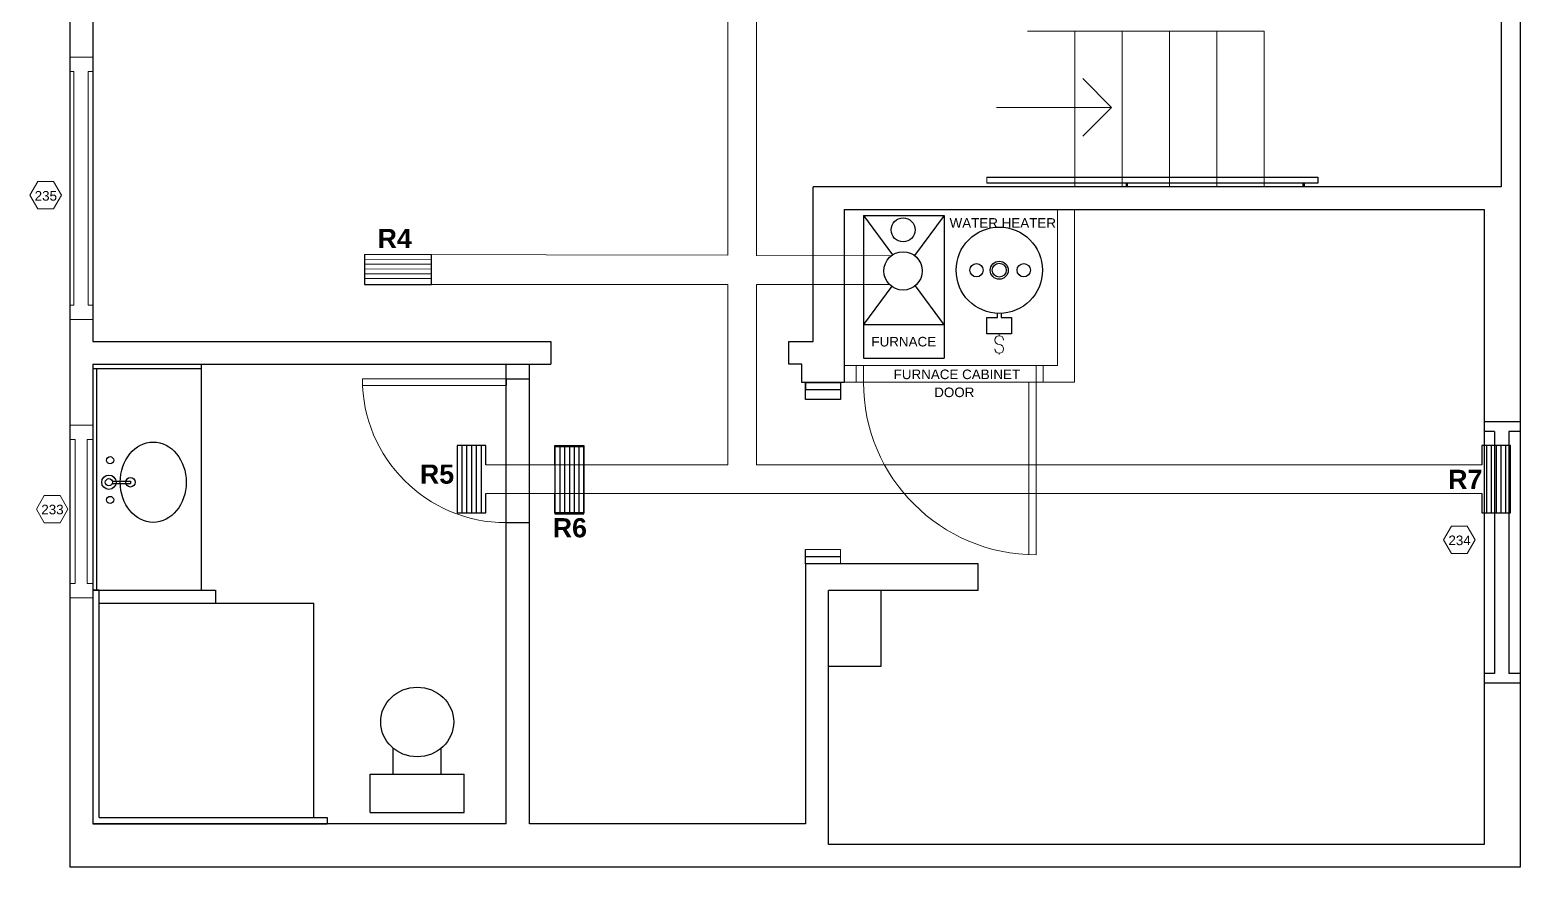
# Model space of a CAD drawing. Header units: inches. Extents: x 678 to 1095, y 267 to 747.
# Drawn here: x 678 to 988.9, y 267.1 to 441.7 of the extents above; entities that cross this region are included whole.
import ezdxf

# ---------------------------------------------------------------- set-up
doc = ezdxf.new("R2010")
doc.units = ezdxf.units.IN
doc.header["$MEASUREMENT"] = 0
doc.layers.get('0').update_dxf_attribs({"color": 1, "lineweight": 9})
for name, color, linetype, lineweight in [('A101-Floorplan-1st-floor', 7, 'Continuous', 9), ('M101-HVAC-1st-floor', 7, 'Continuous', 9), ('M103-Plumbing', 7, 'Continuous', 9)]:
    doc.layers.add(name, color=color, linetype=linetype, lineweight=lineweight)
doc.styles.add('Large', font='Arial Bold.ttf', dxfattribs={"height": 4})
doc.styles.get("Standard").update_dxf_attribs({"font": 'Arial.ttf', "height": 2})

# ---------------------------------------------------------------- blocks, each defined once
blk = doc.blocks.new('L1-bathroom-door')
at = {"layer": 'A101-Floorplan-1st-floor'}
for p, q in [((0, 0), (-30, 0)), ((0, -1.375), (-30, -1.375))]:
    blk.add_line(p, q, dxfattribs=at)
at = {"layer": 'A101-Floorplan-1st-floor', "lineweight": 30}
blk.add_line((0, 0), (0, -1.375), dxfattribs=at)
at = {"layer": 'A101-Floorplan-1st-floor'}
blk.add_arc((0, 0), 30, 180, 270, dxfattribs=at)
blk = doc.blocks.new('L1-bathroom-window')
at = {"layer": 'A101-Floorplan-1st-floor'}
for p, q in [((0, 36), (-4.76, 36)), ((-3.69, 33), (-4.76, 33)), ((-3.69, 3), (-3.69, 33)), ((0, 33), (-1.19, 33)), ((-1.19, 3), (-1.19, 33)), ((-4.76, 3), (-3.69, 3)), ((-4.76, 0), (0, 0)), ((-1.19, 3), (0, 3))]:
    blk.add_line(p, q, dxfattribs=at)
at = {"layer": 'A101-Floorplan-1st-floor', "lineweight": 30}
for p, q in [((-4.76, 36), (-4.76, 33)), ((0, 36), (-0.01, 33)), ((-4.76, 3), (-4.76, 0)), ((-0.01, 3), (0, 0))]:
    blk.add_line(p, q, dxfattribs=at)
blk = doc.blocks.new('L1-family-room-window')
at = {"layer": 'A101-Floorplan-1st-floor'}
for p, q in [((0.01, 54.75), (-4.75, 54.75)), ((-3.93, 51.75), (-4.75, 51.75)), ((-3.93, 3), (-3.93, 51.75)), ((0.01, 51.75), (-0.93, 51.75)), ((-0.93, 3), (-0.93, 51.75)), ((-4.75, 3), (-3.93, 3)), ((-4.75, 0), (0.01, 0)), ((-0.93, 3), (0.01, 3))]:
    blk.add_line(p, q, dxfattribs=at)
at = {"layer": 'A101-Floorplan-1st-floor', "lineweight": 30}
for p, q in [((-4.75, 54.75), (-4.75, 51.75)), ((0.01, 54.75), (0.01, 51.75)), ((-4.75, 3), (-4.75, 0)), ((0, 3), (0.01, 0))]:
    blk.add_line(p, q, dxfattribs=at)
blk = doc.blocks.new('L1-toilet')
at = {"lineweight": 30}
for p, q in [((-14.81, 8), (-14.81, 13.4)), ((-4.81, 8), (-4.81, 13.4)), ((-19.63, 0), (-19.63, 8)), ((-19.63, 8), (0, 8)), ((0, 0), (0, 8)), ((-19.63, 0), (0, 0))]:
    blk.add_line(p, q, dxfattribs=at)
blk.add_ellipse((-9.81, 18.88), major_axis=(7.62, 0), ratio=0.95082, dxfattribs=at)
blk = doc.blocks.new('L1-bathroom-sink-faucets-bowl')
at = {"lineweight": 30}
for p, q in [((2.21, 0.25), (5.98, 0.25)), ((5.98, 0.25), (5.98, -0.25)), ((2.21, -0.25), (5.98, -0.25))]:
    blk.add_line(p, q, dxfattribs=at)
for centre, radius in [((1.75, 4.59), 0.75), ((1.5, 0), 1.5), ((1.5, 0), 0.75), ((6, 0), 1), ((1.75, -3.69), 0.75)]:
    blk.add_circle(centre, radius, dxfattribs=at)
blk.add_ellipse((10.75, 0), major_axis=(0, -8.38), ratio=0.820896, dxfattribs=at)
blk = doc.blocks.new('L1-granite-splash-and-counter')
at = {"layer": 'A101-Floorplan-1st-floor', "lineweight": 30}
for p, q in [((0, 0), (22.63, 0)), ((0, 0), (0, -0.88)), ((22.63, 0), (22.63, -47.13)), ((0, -0.88), (22.63, -0.88)), ((0, -0.88), (0, -47.13)), ((0.88, -47.13), (0.88, -0.88)), ((0, -47.13), (0.88, -47.13)), ((0.88, -47.13), (22.63, -47.13))]:
    blk.add_line(p, q, dxfattribs=at)
blk = doc.blocks.new('L1-shower-tiles-and-glass-walls')
at = {"layer": 'A101-Floorplan-1st-floor', "lineweight": 30}
for p, q in [((1.37, 48.75), (0, 48.75)), ((0, 48.75), (0, 48.75)), ((0, 48.75), (0, 0)), ((1.37, 1.37), (1.37, 48.75)), ((1.37, 48.75), (25.62, 48.75)), ((25.62, 48.75), (25.62, 46)), ((1.37, 46), (46.12, 46)), ((46.12, 1.37), (46.12, 46)), ((0, 0), (48.88, 0)), ((1.37, 1.37), (48.88, 1.37)), ((48.88, 1.37), (48.88, 0))]:
    blk.add_line(p, q, dxfattribs=at)
blk = doc.blocks.new('L1-south-stairway-handrail')
at = {"layer": 'A101-Floorplan-1st-floor', "lineweight": -3}
for p, q in [((-57.8, 1.25), (11.23, 1.25)), ((11.23, 0), (-57.8, 0)), ((-28.71, -0.75), (-28.71, 0)), ((-28.46, -0.75), (-28.46, 0)), ((8.09, 0), (8.09, -0.75)), ((8.34, 0), (8.34, -0.75)), ((11.23, 1.25), (11.23, 0))]:
    blk.add_line(p, q, dxfattribs=at)
at = {"layer": 'A101-Floorplan-1st-floor', "lineweight": 5}
blk.add_line((-57.8, 1.25), (-57.8, 0), dxfattribs=at)
blk = doc.blocks.new('L1-arrow')
at = {"lineweight": 5}
for p, q in [((188.32, -365.98), (182.32, -359.98)), ((182.32, -365.98), (164.32, -365.98)), ((182.32, -365.98), (188.32, -365.98)), ((188.32, -365.98), (182.32, -371.98))]:
    blk.add_line(p, q, dxfattribs=at)
blk = doc.blocks.new('L1-south-east-bedroom-window')
at = {"layer": 'A101-Floorplan-1st-floor', "lineweight": -3}
for p, q in [((7.5, 54.5), (0, 54.5)), ((0, 54.5), (0, 52.5)), ((7.5, 54.5), (7.5, 52.5)), ((2.15, 52.5), (0, 52.5)), ((2.15, 52.5), (2.13, 2)), ((5.1, 52.5), (5.12, 2)), ((7.5, 52.5), (5.1, 52.5)), ((2.13, 2), (0, 2)), ((0, 2), (0, 0)), ((7.5, 0), (0, 0)), ((7.5, 2), (5.12, 2)), ((7.5, 2), (7.5, 0))]:
    blk.add_line(p, q, dxfattribs=at)
blk = doc.blocks.new('window-233')
blk.add_lwpolyline([(-1.66, 2.84), (-3.31, -0.01), (-1.66, -2.87), (1.63, -2.87), (3.28, -0.01), (1.63, 2.84)], close=True)
blk.add_text('233', height=2).set_placement((-2.29, -1.12))
blk = doc.blocks.new('window-235')
blk.add_lwpolyline([(-2, 2.97), (-3.65, 0.11), (-2, -2.74), (1.3, -2.74), (2.94, 0.11), (1.3, 2.97)], close=True)
blk.add_text('235', height=2).set_placement((-2.63, -1))
blk = doc.blocks.new('window-234')
blk.add_lwpolyline([(-1.79, 3.01), (-3.44, 0.15), (-1.79, -2.7), (1.51, -2.7), (3.16, 0.15), (1.51, 3.01)], close=True)
blk.add_text('234', height=2).set_placement((-2.41, -0.96))
blk = doc.blocks.new('old-furnace-cabinet-door')
at = {"lineweight": 5}
for p, q in [((-1.5, 35.97), (-1.5, 0)), ((0, 36), (0, 0)), ((0, 0), (-36, 0)), ((-1.5, 0), (0, 0))]:
    blk.add_line(p, q, dxfattribs=at)
blk.add_arc((0, 0), 36, 90, 180, dxfattribs=at)
blk = doc.blocks.new('FURNACE-CABINET')
at = {"lineweight": 5}
for p, q in [((257.32, 223.32), (257.32, 190.82)), ((260.82, 223.32), (260.82, 187.32)), ((212.82, 190.82), (257.32, 190.82)), ((215.32, 190.82), (215.32, 187.32)), ((216.82, 190.82), (216.82, 187.32)), ((252.82, 190.82), (252.82, 187.32)), ((254.32, 190.82), (254.32, 187.32)), ((212.82, 187.32), (218.82, 187.32)), ((260.82, 187.32), (254.82, 187.32))]:
    blk.add_line(p, q, dxfattribs=at)
at = {"lineweight": 5, "xscale": -1, "rotation": 180}
blk.add_blockref('old-furnace-cabinet-door', (252.82, 187.32), dxfattribs=at)
at = {"lineweight": 5}
for s, p in [('FURNACE CABINET', (223.12, 187.95)), ('DOOR', (231.58, 184.2))]:
    blk.add_text(s, height=2, dxfattribs=at).set_placement(p)
blk = doc.blocks.new('upstairs-bathroom-register')
at = {"layer": 'M101-HVAC-1st-floor', "lineweight": 30}
for p, q in [((107.19, 170.08), (107.19, 174.08)), ((107.19, 174.08), (113.19, 174.08)), ((108.19, 174.08), (108.19, 160.08)), ((109.19, 174.08), (109.19, 160.08)), ((110.19, 174.08), (110.19, 160.08)), ((111.19, 174.08), (111.19, 160.08)), ((112.19, 174.08), (112.19, 160.08)), ((113.19, 174.08), (113.19, 160.08)), ((107.19, 160.08), (107.19, 164.08)), ((113.19, 160.08), (107.19, 160.08))]:
    blk.add_line(p, q, dxfattribs=at)
blk = doc.blocks.new('R6')
at = {"layer": 'M101-HVAC-1st-floor', "lineweight": 30}
for p, q in [((152.47, 173.86), (152.47, 159.86)), ((158.47, 173.86), (152.47, 173.86)), ((158.47, 159.86), (158.47, 173.86)), ((152.47, 159.86), (158.47, 159.86))]:
    blk.add_line(p, q, dxfattribs=at)
at = {"lineweight": 5}
blk.add_blockref('upstairs-bathroom-register', (45.28, 0), dxfattribs=at)
blk = doc.blocks.new('water-heater')
at = {"layer": 'M103-Plumbing'}
for p, q in [((245.15, 197.01), (245.15, 197.41)), ((245.15, 193.33), (245.15, 193.09))]:
    blk.add_line(p, q, dxfattribs=at)
at = {"layer": 'M103-Plumbing', "lineweight": -3}
blk.add_lwpolyline([(245.53, 201.66), (245.53, 200.8), (247.72, 200.8), (247.72, 197.41), (242.59, 197.41), (242.59, 200.8), (244.78, 200.8), (244.78, 201.66)], dxfattribs=at)
for centre, radius in [((245.15, 210.66), 9), ((240.4, 210.66), 1.39), ((245.15, 210.66), 1.88), ((245.15, 210.66), 1.45), ((250.25, 210.66), 1.39)]:
    blk.add_circle(centre, radius, dxfattribs=at)
at = {"layer": 'M103-Plumbing'}
for centre, start, end in [((245.15, 196.09), 0, 180), ((245.15, 196.08), 180, 270), ((245.15, 194.25), 180, 90)]:
    blk.add_arc(centre, 0.916, start, end, dxfattribs=at)
at = {"layer": 'M103-Plumbing', "lineweight": 5}
blk.add_text('WATER HEATER', height=2, dxfattribs=at).set_placement((234.79, 219.52))

msp = doc.modelspace()

# ---------------------------------------------------------------- linework, layer by layer
at = {"layer": 'A101-Floorplan-1st-floor', "lineweight": -3}
for p, q in [((686.3448, 708.9196), (686.3448, 267.1086)), ((691.0948, 704.1696), (691.0948, 376.7633)), ((988.8746, 513.8883), (988.8746, 267.1086)), ((984.876, 479.7876), (984.876, 409.0064)), ((841.376, 376.7633), (841.376, 409.0064)), ((984.876, 409.0064), (841.376, 409.0064)), ((847.876, 404.2564), (847.876, 368.1626)), ((847.876, 404.2564), (981.376, 404.2564)), ((981.376, 404.2564), (981.376, 271.8586)), ((691.0948, 376.7633), (786.6573, 376.7633)), ((786.6573, 376.7633), (786.6573, 372.0133)), ((836.3135, 372.0133), (836.3135, 376.7633)), ((836.3135, 376.7633), (841.376, 376.7633)), ((691.0948, 372.0133), (691.0948, 276.1314)), ((691.0948, 372.0133), (786.6573, 372.0133)), ((777.3448, 276.1314), (777.3448, 372.0133)), ((782.2198, 276.1314), (782.2198, 372.0133)), ((782.2198, 368.9508), (782.2198, 372.0133)), ((839.001, 372.0133), (836.3135, 372.0133)), ((839.001, 368.1626), (839.001, 372.0133)), ((777.3448, 368.9508), (782.2198, 368.9508)), ((847.876, 368.1626), (839.001, 368.1626)), ((839.8135, 368.1626), (839.8135, 366.6626)), ((839.8135, 368.1626), (847.0635, 368.1626)), ((839.8135, 364.6626), (839.8135, 368.1626)), ((847.0635, 368.1626), (847.0635, 364.6626)), ((847.0635, 366.6626), (839.8135, 366.6626)), ((847.0635, 364.6626), (839.8135, 364.6626)), ((777.3448, 338.9508), (782.2198, 338.9508)), ((839.8135, 330.3814), (839.8135, 333.3814)), ((839.8135, 331.8814), (847.0635, 331.8814)), ((875.8135, 330.3814), (839.8135, 330.3814)), ((839.8135, 330.3814), (839.8135, 276.1314)), ((847.0635, 330.3814), (839.8135, 330.3814)), ((875.8135, 324.7961), (875.8135, 330.3814)), ((875.8135, 324.7961), (844.5635, 324.7961)), ((844.5635, 271.8586), (844.5635, 324.7961)), ((855.5635, 309.0149), (855.5635, 324.7961)), ((844.5635, 309.0149), (855.5635, 309.0149)), ((777.3448, 276.1314), (691.0948, 276.1314)), ((839.8135, 276.1314), (782.2198, 276.1314)), ((981.376, 271.8586), (844.5635, 271.8586)), ((988.8746, 267.1086), (686.3448, 267.1086))]:
    msp.add_line(p, q, dxfattribs=at)
at = {"layer": 'A101-Floorplan-1st-floor', "lineweight": 5}
for p, q in [((886.0621, 441.4126), (935.4371, 441.4126)), ((895.9371, 441.4126), (895.9371, 409.0064)), ((905.8121, 441.4126), (905.8121, 409.0064)), ((915.6871, 441.4126), (915.6871, 409.0064)), ((925.5621, 441.4126), (925.5621, 409.0064)), ((935.4371, 441.4126), (935.4371, 409.0064)), ((777.3448, 372.0133), (777.3448, 348.0133)), ((892.376, 371.7564), (871.2103, 371.7564)), ((839.8135, 333.3814), (847.0635, 333.3814)), ((847.0635, 333.3814), (847.0635, 330.3814))]:
    msp.add_line(p, q, dxfattribs=at)
msp.add_lwpolyline([(895.876, 368.2564), (895.876, 404.2564), (847.876, 404.2564), (847.876, 368.2564)], close=True, dxfattribs=at)
at = {"layer": 'M101-HVAC-1st-floor', "lineweight": 5}
for p, q in [((829.5635, 624.0264), (829.5635, 394.5959)), ((823.5635, 508.5446), (823.5635, 394.7082)), ((823.5635, 394.7082), (747.7806, 394.8749)), ((747.7806, 394.8749), (761.7806, 394.8441)), ((747.774, 391.8749), (761.774, 391.8441)), ((747.7762, 392.8749), (761.7762, 392.8441)), ((747.7784, 393.8749), (761.7784, 393.8441)), ((857.6701, 394.5959), (829.5635, 394.6885)), ((747.7696, 389.8749), (761.7696, 389.8441)), ((747.7718, 390.8749), (761.7718, 390.8441)), ((823.5635, 388.5959), (761.7806, 388.5959)), ((823.5635, 388.5959), (823.5635, 351.0133)), ((829.5635, 388.5959), (829.5635, 351.0133)), ((857.3448, 388.5959), (829.5635, 388.5959)), ((823.5635, 351.0133), (773.0948, 351.0133)), ((980.8437, 351.0133), (829.5635, 351.0133)), ((980.8437, 345.0133), (773.0948, 345.0133))]:
    msp.add_line(p, q, dxfattribs=at)
at = {"layer": 'M101-HVAC-1st-floor', "lineweight": -3}
for p, q in [((851.876, 402.9976), (857.9155, 394.7745)), ((851.876, 402.9976), (868.6793, 402.9976)), ((851.876, 402.9976), (851.876, 373.2507)), ((868.6793, 402.9976), (862.5222, 394.6694)), ((868.6793, 402.9976), (868.6793, 373.2507)), ((857.7664, 388.2366), (851.8624, 380.2507)), ((862.6468, 388.3325), (868.6793, 380.1189)), ((851.8624, 380.2507), (868.6793, 380.2507)), ((851.876, 373.2507), (868.6793, 373.2507))]:
    msp.add_line(p, q, dxfattribs=at)
at = {"layer": 'M101-HVAC-1st-floor', "lineweight": 30}
for p, q in [((747.7806, 394.8749), (747.7806, 388.5959)), ((761.7806, 388.5959), (761.7806, 394.8441)), ((747.7806, 388.5959), (761.7806, 388.5959)), ((767.0948, 355.0133), (767.0948, 341.0133)), ((773.0948, 355.0133), (767.0948, 355.0133)), ((768.0948, 355.0133), (768.0948, 341.0133)), ((769.0948, 355.0133), (769.0948, 341.0133)), ((770.0948, 355.0133), (770.0948, 341.0133)), ((771.0948, 355.0133), (771.0948, 341.0133)), ((772.0948, 355.0133), (772.0948, 341.0133)), ((773.0948, 351.0133), (773.0948, 355.0133)), ((980.8437, 355.0133), (980.8437, 351.0133)), ((986.8437, 355.0133), (980.8437, 355.0133)), ((981.8437, 355.0133), (981.8437, 341.0133)), ((982.8437, 355.0133), (982.8437, 341.0133)), ((983.8437, 355.0133), (983.8437, 341.0133)), ((984.8437, 355.0133), (984.8437, 341.0133)), ((985.8437, 355.0133), (985.8437, 341.0133)), ((986.8437, 341.0133), (986.8437, 355.0133)), ((773.0948, 341.0133), (773.0948, 345.0133)), ((980.8437, 345.0133), (980.8437, 341.0133)), ((767.0948, 341.0133), (773.0948, 341.0133)), ((980.8437, 341.0133), (986.8437, 341.0133))]:
    msp.add_line(p, q, dxfattribs=at)
at = {"layer": 'M101-HVAC-1st-floor', "lineweight": -3}
for centre, radius in [((860.1443, 399.9976), 2.5), ((860.1443, 391.453), 4)]:
    msp.add_circle(centre, radius, dxfattribs=at)

# ---------------------------------------------------------------- block references
at = {"lineweight": 5}
for name, p in [('L1-south-stairway-handrail', (935.4371, 409.7564)), ('water-heater', (635.0573, 180.9316)), ('R6', (635.0573, 180.9316))]:
    msp.add_blockref(name, p, dxfattribs=at)
at = {"lineweight": -3}
for name, p in [('L1-bathroom-door', (777.3448, 368.9508)), ('L1-shower-tiles-and-glass-walls', (691.0948, 276.1314))]:
    msp.add_blockref(name, p, dxfattribs=at)
at = {"layer": 'A101-Floorplan-1st-floor', "lineweight": -3}
for name, p in [('L1-family-room-window', (691.0948, 381.2946)), ('L1-granite-splash-and-counter', (691.0948, 372.0133)), ('L1-bathroom-window', (691.1003, 323.2638)), ('L1-bathroom-sink-faucets-bowl', (692.9698, 347.3814)), ('L1-toilet', (768.5948, 278.5064))]:
    msp.add_blockref(name, p, dxfattribs=at)
at = {"layer": 'A101-Floorplan-1st-floor', "lineweight": 5}
for name, p in [('L1-arrow', (715.328, 791.5402)), ('window-235', (681.6208, 407.104)), ('FURNACE-CABINET', (635.0573, 180.9316)), ('L1-south-east-bedroom-window', (981.376, 305.4751)), ('window-233', (682.6593, 341.8079)), ('window-234', (976.3149, 335.2247))]:
    msp.add_blockref(name, p, dxfattribs=at)

# ---------------------------------------------------------------- texts
at = {"layer": 'M101-HVAC-1st-floor', "lineweight": 5, "style": 'Large'}
for s, p in [('R4', (750.5154, 396.2137)), ('R5', (759.3463, 347.0769)), ('R7', (973.8384, 345.9807)), ('R6', (787.0526, 335.8925))]:
    msp.add_text(s, height=4, dxfattribs=at).set_placement(p)
at = {"layer": 'M101-HVAC-1st-floor', "lineweight": 5}
msp.add_text('FURNACE', height=2, dxfattribs=at).set_placement((853.5305, 375.6973))

doc.saveas('drawing.dxf')

□ □ □ □ □ □ □

● **Assignment**: Please find, in the entries above, every line where "True" occurs, and copy it.

● **Task solution**:
blk.add_lwpolyline([(-1.66, 2.84), (-3.31, -0.01), (-1.66, -2.87), (1.63, -2.87), (3.28, -0.01), (1.63, 2.84)], close=True)
blk.add_lwpolyline([(-2, 2.97), (-3.65, 0.11), (-2, -2.74), (1.3, -2.74), (2.94, 0.11), (1.3, 2.97)], close=True)
blk.add_lwpolyline([(-1.79, 3.01), (-3.44, 0.15), (-1.79, -2.7), (1.51, -2.7), (3.16, 0.15), (1.51, 3.01)], close=True)
msp.add_lwpolyline([(895.876, 368.2564), (895.876, 404.2564), (847.876, 404.2564), (847.876, 368.2564)], close=True, dxfattribs=at)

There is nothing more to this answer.